Luckily for those really close to me, I have figured out that I am best left to my own devices when the biorhythms plummet underneath the floorboards and so I have pretty much kept myself to myself. This is particularly necessary with Rich, for I think that, deep down, he suffers slightly from a condition that can perhaps be defined as marital inferiority complex blended with a dash of paranoia.
So, say that I explode over something as mundane as a non-working printer like so: ‘It’s broken, this piece of crap is broken! Of course it breaks down when I most need it, *insert earth-shattering expletive here*’. Rich hears: ‘You moron, why did you buy this piece of crap ten years ago?
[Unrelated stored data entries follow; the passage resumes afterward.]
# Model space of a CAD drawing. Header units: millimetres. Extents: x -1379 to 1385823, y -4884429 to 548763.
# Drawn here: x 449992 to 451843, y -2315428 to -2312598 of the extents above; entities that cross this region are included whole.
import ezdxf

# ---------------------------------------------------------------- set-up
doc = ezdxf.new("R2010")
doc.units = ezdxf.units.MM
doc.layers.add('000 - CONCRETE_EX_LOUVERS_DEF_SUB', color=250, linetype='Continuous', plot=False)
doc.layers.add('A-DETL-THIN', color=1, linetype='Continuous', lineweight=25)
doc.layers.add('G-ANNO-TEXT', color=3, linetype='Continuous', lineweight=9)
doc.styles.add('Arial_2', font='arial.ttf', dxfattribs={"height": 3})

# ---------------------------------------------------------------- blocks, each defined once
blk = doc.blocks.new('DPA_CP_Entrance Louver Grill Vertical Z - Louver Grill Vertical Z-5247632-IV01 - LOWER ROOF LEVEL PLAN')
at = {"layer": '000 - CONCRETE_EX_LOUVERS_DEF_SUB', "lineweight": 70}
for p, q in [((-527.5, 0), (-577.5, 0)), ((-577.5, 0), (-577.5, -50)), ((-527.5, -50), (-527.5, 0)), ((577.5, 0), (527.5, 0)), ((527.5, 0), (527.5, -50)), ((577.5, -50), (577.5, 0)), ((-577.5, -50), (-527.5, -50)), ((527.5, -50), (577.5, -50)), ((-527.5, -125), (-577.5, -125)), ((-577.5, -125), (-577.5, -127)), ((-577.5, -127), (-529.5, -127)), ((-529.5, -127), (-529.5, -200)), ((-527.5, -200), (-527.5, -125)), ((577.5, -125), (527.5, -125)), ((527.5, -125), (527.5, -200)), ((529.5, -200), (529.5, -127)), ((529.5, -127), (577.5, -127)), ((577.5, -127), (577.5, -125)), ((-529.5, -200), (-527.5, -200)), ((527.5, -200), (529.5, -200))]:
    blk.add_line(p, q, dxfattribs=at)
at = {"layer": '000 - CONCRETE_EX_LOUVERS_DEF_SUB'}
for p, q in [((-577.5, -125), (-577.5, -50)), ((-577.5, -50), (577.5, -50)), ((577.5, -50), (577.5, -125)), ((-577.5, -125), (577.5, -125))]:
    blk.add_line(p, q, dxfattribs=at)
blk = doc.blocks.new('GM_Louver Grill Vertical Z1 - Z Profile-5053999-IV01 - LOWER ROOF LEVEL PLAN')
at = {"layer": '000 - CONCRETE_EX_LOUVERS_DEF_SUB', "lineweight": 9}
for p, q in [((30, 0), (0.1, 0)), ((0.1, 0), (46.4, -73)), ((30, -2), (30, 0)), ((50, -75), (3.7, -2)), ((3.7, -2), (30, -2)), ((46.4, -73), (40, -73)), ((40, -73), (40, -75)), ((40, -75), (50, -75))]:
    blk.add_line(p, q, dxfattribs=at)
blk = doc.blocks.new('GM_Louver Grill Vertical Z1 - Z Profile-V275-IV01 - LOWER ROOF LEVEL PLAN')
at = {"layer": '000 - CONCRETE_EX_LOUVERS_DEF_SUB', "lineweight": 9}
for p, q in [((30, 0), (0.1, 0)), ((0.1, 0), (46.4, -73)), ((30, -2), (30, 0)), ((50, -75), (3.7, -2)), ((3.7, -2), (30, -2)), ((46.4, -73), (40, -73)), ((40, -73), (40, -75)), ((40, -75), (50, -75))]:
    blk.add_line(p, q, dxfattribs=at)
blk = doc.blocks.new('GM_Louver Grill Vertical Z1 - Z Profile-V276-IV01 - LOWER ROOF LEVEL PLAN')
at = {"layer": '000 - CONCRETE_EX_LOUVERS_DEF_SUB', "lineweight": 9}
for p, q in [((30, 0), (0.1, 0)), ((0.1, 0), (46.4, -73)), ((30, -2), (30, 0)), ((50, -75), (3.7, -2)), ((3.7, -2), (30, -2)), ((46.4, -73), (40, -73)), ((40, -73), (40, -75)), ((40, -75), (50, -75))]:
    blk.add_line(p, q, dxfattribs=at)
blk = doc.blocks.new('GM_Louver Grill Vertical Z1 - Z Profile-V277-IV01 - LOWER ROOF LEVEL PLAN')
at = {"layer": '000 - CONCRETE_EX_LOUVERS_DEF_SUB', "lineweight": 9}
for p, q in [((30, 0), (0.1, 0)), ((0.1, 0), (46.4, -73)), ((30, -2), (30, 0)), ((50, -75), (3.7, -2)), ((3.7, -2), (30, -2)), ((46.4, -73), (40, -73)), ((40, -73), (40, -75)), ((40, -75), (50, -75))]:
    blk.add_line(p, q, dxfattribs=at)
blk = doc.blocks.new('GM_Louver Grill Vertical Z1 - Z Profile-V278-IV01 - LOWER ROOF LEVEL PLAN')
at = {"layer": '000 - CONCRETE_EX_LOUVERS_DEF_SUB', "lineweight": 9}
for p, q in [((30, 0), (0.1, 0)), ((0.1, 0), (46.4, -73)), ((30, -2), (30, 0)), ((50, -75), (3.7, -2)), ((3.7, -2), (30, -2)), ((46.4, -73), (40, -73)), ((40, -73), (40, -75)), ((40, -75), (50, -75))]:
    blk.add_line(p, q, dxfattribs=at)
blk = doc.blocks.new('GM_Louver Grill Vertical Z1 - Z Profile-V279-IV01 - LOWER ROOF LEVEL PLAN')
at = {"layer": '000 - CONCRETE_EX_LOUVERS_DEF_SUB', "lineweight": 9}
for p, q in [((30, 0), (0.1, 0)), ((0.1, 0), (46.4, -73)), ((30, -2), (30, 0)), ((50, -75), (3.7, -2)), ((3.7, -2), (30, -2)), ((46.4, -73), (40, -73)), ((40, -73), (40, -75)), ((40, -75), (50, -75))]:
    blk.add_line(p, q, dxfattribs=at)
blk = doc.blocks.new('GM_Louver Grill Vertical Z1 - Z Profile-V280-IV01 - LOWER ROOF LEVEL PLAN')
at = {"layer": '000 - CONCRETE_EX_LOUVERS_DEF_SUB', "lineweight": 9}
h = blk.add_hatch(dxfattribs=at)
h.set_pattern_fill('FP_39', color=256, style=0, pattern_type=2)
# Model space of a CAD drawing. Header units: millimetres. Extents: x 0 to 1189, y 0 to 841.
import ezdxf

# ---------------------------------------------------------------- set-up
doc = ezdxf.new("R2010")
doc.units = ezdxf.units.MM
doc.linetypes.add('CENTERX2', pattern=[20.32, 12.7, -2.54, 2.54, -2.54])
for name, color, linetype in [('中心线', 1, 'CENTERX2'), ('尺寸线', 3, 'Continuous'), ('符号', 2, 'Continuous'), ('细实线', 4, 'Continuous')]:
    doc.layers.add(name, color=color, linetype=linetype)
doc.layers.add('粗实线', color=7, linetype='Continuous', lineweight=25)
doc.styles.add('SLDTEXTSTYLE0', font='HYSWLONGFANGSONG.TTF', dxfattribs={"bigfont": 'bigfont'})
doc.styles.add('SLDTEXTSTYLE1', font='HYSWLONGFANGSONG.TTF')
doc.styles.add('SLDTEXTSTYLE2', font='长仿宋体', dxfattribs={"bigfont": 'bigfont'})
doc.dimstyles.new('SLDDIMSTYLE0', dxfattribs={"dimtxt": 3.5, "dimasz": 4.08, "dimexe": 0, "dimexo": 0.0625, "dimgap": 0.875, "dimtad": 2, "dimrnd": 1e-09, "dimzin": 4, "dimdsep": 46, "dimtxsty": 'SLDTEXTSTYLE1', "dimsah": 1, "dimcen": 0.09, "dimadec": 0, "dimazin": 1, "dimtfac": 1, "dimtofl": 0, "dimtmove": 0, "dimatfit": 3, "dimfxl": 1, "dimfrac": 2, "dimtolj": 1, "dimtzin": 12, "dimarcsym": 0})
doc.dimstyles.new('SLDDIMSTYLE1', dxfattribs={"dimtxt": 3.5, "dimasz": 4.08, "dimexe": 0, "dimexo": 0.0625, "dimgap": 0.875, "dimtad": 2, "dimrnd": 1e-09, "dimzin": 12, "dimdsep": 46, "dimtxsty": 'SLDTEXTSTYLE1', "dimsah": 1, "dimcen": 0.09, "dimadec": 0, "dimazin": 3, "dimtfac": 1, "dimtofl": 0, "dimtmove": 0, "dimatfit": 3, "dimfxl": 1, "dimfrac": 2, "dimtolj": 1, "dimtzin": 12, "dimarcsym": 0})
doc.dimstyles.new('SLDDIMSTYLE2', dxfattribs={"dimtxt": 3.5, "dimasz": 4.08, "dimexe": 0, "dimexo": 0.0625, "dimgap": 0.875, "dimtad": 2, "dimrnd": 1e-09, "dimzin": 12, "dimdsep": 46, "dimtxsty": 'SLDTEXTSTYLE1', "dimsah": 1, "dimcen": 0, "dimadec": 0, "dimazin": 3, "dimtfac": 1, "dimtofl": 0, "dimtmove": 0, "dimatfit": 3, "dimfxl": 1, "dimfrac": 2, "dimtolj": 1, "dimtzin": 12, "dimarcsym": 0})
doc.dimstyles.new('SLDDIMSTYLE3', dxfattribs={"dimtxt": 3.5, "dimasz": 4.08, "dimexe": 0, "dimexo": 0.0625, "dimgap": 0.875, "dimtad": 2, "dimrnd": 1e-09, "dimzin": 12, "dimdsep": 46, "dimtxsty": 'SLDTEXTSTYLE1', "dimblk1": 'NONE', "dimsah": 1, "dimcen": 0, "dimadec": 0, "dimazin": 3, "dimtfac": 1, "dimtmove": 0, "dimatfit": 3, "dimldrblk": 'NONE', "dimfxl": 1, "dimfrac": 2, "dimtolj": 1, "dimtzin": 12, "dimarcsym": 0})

Why not one of those £ 600, library printers?! I bet it wouldn't be broken right now, would it!’.
Or I may say: ‘I don’t know, I have been shouting down the can for months and all I get in return is not even NO, just damn silence *insert discomfited tears here*’. Rich hears: ‘I don’t care what you think about me, you don’t matter’. I could go on and give you another twenty examples off the top of my head. Therefore, as Rich is a bit this way and I do not want to give him reasons to worry about anything, I don’t talk about anything that really matters to me, until I cannot keep the lid on any longer and then God help everyone and his uncle.
June has been a bit like this and so I am really glad that it’s gone. I am two months short of my birthday and I cannot wait for it already. Rich has started his new job and is very happy in it and if he is, then I am and all is well with the world again.